[Stored dataset items]
########################################
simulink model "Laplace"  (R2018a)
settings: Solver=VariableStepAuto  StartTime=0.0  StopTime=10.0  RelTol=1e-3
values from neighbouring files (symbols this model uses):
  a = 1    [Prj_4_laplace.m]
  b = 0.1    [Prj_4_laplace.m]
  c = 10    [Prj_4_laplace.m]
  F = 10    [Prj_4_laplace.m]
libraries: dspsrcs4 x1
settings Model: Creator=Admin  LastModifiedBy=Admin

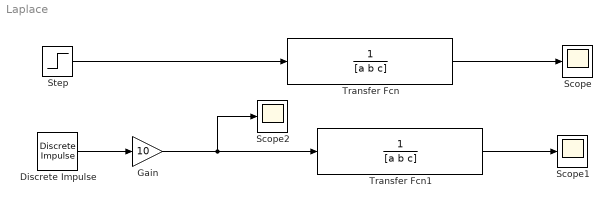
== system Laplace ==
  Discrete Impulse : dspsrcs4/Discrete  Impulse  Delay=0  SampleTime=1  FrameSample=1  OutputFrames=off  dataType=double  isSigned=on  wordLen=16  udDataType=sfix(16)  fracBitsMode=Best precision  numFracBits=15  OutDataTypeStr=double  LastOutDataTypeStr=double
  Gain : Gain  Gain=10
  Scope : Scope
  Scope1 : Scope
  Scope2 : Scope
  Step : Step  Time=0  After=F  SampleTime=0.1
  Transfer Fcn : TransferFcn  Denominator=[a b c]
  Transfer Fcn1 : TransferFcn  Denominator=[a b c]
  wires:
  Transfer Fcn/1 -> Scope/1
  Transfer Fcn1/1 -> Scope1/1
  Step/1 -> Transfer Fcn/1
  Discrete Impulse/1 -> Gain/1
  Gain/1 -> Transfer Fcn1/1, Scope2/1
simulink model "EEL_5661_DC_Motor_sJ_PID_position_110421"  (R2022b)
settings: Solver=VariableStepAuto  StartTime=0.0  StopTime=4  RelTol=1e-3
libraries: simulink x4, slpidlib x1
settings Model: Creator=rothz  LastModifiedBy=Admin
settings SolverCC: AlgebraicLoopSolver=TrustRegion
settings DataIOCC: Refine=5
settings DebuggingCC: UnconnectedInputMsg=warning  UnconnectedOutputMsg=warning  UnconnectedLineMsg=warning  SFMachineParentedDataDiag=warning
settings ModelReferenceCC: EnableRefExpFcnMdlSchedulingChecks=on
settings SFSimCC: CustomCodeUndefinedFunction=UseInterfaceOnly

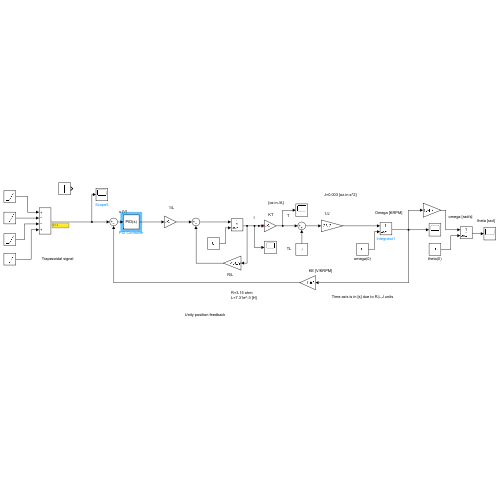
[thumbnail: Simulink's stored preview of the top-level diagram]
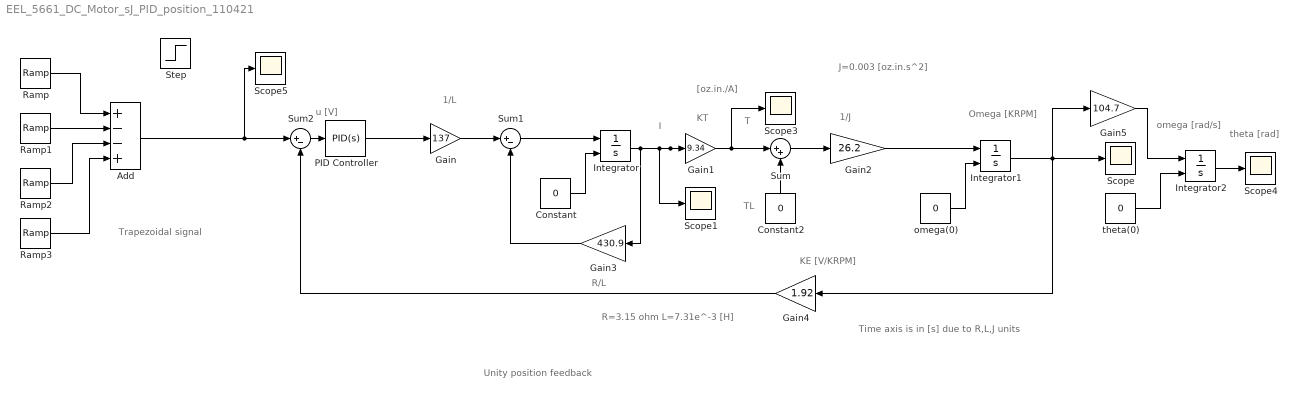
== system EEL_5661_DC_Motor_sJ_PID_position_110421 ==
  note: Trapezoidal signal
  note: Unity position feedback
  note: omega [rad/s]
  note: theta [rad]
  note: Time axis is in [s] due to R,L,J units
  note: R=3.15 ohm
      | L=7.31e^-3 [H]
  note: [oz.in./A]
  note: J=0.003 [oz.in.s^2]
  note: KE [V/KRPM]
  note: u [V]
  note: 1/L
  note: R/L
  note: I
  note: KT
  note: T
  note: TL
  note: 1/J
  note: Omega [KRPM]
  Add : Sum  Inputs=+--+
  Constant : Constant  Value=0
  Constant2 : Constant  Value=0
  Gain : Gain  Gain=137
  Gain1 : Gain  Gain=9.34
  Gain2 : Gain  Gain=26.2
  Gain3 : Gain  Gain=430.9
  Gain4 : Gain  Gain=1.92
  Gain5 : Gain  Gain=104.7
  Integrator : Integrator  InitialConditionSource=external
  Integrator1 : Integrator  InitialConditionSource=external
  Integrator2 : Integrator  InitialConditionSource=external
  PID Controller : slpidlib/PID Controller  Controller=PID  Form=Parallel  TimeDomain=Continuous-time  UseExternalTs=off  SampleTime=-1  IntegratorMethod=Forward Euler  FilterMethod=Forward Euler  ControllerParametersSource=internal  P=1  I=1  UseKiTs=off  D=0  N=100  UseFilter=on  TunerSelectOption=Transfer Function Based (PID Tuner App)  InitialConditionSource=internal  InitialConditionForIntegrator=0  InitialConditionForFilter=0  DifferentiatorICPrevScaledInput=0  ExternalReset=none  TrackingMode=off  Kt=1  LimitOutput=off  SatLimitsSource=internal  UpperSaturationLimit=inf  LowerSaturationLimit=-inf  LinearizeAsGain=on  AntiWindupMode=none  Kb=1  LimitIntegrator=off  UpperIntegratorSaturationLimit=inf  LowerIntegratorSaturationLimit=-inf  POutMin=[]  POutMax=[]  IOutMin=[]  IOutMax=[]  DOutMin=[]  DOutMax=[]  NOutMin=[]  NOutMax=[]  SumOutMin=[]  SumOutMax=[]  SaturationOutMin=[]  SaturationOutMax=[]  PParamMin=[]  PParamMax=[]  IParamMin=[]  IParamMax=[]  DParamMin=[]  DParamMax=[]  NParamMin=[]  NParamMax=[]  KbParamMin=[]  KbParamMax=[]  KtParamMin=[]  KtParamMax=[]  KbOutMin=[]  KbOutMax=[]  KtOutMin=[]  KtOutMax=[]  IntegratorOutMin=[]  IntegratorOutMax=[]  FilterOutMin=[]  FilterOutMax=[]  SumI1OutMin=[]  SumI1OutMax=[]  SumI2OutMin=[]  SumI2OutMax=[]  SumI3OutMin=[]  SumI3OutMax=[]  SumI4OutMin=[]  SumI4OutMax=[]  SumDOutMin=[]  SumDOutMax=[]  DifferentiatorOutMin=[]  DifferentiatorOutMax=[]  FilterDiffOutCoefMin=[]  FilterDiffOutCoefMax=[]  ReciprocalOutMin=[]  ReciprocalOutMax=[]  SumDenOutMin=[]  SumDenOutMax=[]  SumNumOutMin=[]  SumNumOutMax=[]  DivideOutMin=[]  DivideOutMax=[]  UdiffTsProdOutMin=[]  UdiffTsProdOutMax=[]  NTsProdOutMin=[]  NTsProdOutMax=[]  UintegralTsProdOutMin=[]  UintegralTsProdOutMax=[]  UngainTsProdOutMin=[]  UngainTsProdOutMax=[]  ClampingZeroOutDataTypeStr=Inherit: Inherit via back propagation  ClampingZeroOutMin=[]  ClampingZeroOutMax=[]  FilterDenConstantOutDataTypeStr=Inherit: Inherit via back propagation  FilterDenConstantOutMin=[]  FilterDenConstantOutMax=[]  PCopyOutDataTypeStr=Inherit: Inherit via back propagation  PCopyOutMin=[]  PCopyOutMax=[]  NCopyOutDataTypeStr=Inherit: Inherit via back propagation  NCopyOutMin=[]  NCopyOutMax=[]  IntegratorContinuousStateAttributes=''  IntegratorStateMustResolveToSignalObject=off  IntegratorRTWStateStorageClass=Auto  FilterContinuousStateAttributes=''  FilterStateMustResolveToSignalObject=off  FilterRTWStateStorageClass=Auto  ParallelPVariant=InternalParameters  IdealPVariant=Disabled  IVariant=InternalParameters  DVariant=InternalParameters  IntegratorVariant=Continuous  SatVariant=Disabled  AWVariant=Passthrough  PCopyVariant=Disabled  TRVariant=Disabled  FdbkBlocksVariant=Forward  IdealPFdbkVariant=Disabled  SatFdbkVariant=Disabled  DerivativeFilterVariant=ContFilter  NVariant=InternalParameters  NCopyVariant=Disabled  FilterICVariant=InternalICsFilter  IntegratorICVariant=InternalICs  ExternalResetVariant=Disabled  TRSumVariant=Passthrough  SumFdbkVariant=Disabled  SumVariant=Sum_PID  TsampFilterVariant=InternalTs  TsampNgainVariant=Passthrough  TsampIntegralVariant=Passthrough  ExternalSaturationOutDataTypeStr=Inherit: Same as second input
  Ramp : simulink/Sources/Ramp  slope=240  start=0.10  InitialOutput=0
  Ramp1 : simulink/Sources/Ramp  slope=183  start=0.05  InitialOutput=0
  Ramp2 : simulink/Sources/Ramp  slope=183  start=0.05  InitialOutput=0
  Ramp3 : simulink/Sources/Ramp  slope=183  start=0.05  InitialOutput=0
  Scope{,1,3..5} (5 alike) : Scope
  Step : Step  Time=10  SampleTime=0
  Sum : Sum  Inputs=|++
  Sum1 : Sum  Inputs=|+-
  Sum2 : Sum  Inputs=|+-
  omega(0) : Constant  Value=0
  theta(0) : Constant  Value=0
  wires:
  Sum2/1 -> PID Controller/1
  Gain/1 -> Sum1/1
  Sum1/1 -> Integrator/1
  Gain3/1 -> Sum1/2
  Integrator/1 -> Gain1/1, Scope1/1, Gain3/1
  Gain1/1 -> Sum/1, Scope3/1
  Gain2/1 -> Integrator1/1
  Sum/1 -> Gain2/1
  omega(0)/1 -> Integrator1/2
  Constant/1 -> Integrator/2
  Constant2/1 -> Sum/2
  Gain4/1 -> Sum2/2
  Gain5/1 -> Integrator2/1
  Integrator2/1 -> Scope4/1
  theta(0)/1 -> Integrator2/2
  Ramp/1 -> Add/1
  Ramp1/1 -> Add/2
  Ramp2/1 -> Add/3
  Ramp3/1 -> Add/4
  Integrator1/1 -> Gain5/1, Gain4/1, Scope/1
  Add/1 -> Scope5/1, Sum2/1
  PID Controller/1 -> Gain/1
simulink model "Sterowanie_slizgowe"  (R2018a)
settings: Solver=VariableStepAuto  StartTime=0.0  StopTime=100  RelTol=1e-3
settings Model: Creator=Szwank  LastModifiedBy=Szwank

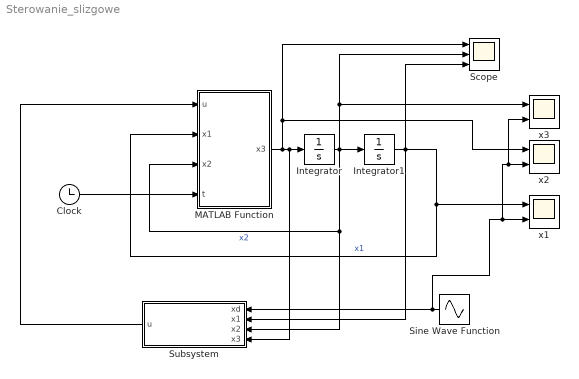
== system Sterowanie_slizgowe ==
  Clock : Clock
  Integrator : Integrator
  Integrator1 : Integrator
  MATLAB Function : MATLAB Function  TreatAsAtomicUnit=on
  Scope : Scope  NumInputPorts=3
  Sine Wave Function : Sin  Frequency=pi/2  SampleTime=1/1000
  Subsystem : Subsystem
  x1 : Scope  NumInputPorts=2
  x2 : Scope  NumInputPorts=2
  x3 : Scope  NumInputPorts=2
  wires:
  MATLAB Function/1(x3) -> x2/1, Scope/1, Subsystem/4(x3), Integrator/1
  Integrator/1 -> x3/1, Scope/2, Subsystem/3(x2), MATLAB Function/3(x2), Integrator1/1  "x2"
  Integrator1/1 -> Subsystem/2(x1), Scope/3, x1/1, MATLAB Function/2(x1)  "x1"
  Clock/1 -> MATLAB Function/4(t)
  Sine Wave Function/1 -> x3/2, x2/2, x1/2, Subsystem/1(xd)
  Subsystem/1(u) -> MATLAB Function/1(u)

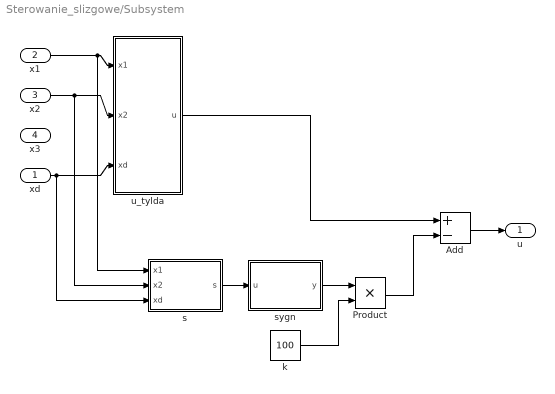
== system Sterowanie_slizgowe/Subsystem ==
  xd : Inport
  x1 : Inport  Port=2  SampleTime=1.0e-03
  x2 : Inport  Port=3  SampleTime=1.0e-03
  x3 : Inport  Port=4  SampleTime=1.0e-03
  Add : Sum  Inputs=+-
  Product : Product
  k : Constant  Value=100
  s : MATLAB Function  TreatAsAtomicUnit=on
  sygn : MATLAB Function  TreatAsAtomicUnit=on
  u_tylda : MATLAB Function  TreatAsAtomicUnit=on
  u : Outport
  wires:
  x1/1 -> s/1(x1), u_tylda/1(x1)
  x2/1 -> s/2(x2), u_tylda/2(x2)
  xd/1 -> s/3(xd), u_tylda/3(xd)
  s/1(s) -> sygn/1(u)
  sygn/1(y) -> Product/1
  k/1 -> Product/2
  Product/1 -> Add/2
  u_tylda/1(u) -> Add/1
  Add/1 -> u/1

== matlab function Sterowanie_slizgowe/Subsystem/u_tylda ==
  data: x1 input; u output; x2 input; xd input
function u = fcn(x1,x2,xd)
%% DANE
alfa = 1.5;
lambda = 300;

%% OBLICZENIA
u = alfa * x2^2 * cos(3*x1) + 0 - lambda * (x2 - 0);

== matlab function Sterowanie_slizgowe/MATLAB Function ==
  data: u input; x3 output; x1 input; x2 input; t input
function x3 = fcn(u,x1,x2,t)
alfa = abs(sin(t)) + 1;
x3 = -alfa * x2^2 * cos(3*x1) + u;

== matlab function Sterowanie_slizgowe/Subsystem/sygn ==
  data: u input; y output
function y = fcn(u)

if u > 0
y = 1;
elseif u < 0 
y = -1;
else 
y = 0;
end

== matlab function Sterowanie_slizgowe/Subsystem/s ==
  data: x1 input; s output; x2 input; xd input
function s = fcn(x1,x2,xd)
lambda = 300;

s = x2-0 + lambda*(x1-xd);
########################################
### ASSIGNED TASK
Transcribe the entries above exactly, from their first line through the line with "settings Model: Creator=rothz", and omit all pictures.

### FINISHED TASK
simulink model "Laplace"  (R2018a)
settings: Solver=VariableStepAuto  StartTime=0.0  StopTime=10.0  RelTol=1e-3
values from neighbouring files (symbols this model uses):
  a = 1    [Prj_4_laplace.m]
  b = 0.1    [Prj_4_laplace.m]
  c = 10    [Prj_4_laplace.m]
  F = 10    [Prj_4_laplace.m]
libraries: dspsrcs4 x1
settings Model: Creator=Admin  LastModifiedBy=Admin

== system Laplace ==
  Discrete Impulse : dspsrcs4/Discrete  Impulse  Delay=0  SampleTime=1  FrameSample=1  OutputFrames=off  dataType=double  isSigned=on  wordLen=16  udDataType=sfix(16)  fracBitsMode=Best precision  numFracBits=15  OutDataTypeStr=double  LastOutDataTypeStr=double
  Gain : Gain  Gain=10
  Scope : Scope
  Scope1 : Scope
  Scope2 : Scope
  Step : Step  Time=0  After=F  SampleTime=0.1
  Transfer Fcn : TransferFcn  Denominator=[a b c]
  Transfer Fcn1 : TransferFcn  Denominator=[a b c]
  wires:
  Transfer Fcn/1 -> Scope/1
  Transfer Fcn1/1 -> Scope1/1
  Step/1 -> Transfer Fcn/1
  Discrete Impulse/1 -> Gain/1
  Gain/1 -> Transfer Fcn1/1, Scope2/1
simulink model "EEL_5661_DC_Motor_sJ_PID_position_110421"  (R2022b)
settings: Solver=VariableStepAuto  StartTime=0.0  StopTime=4  RelTol=1e-3
libraries: simulink x4, slpidlib x1
settings Model: Creator=rothz  LastModifiedBy=Admin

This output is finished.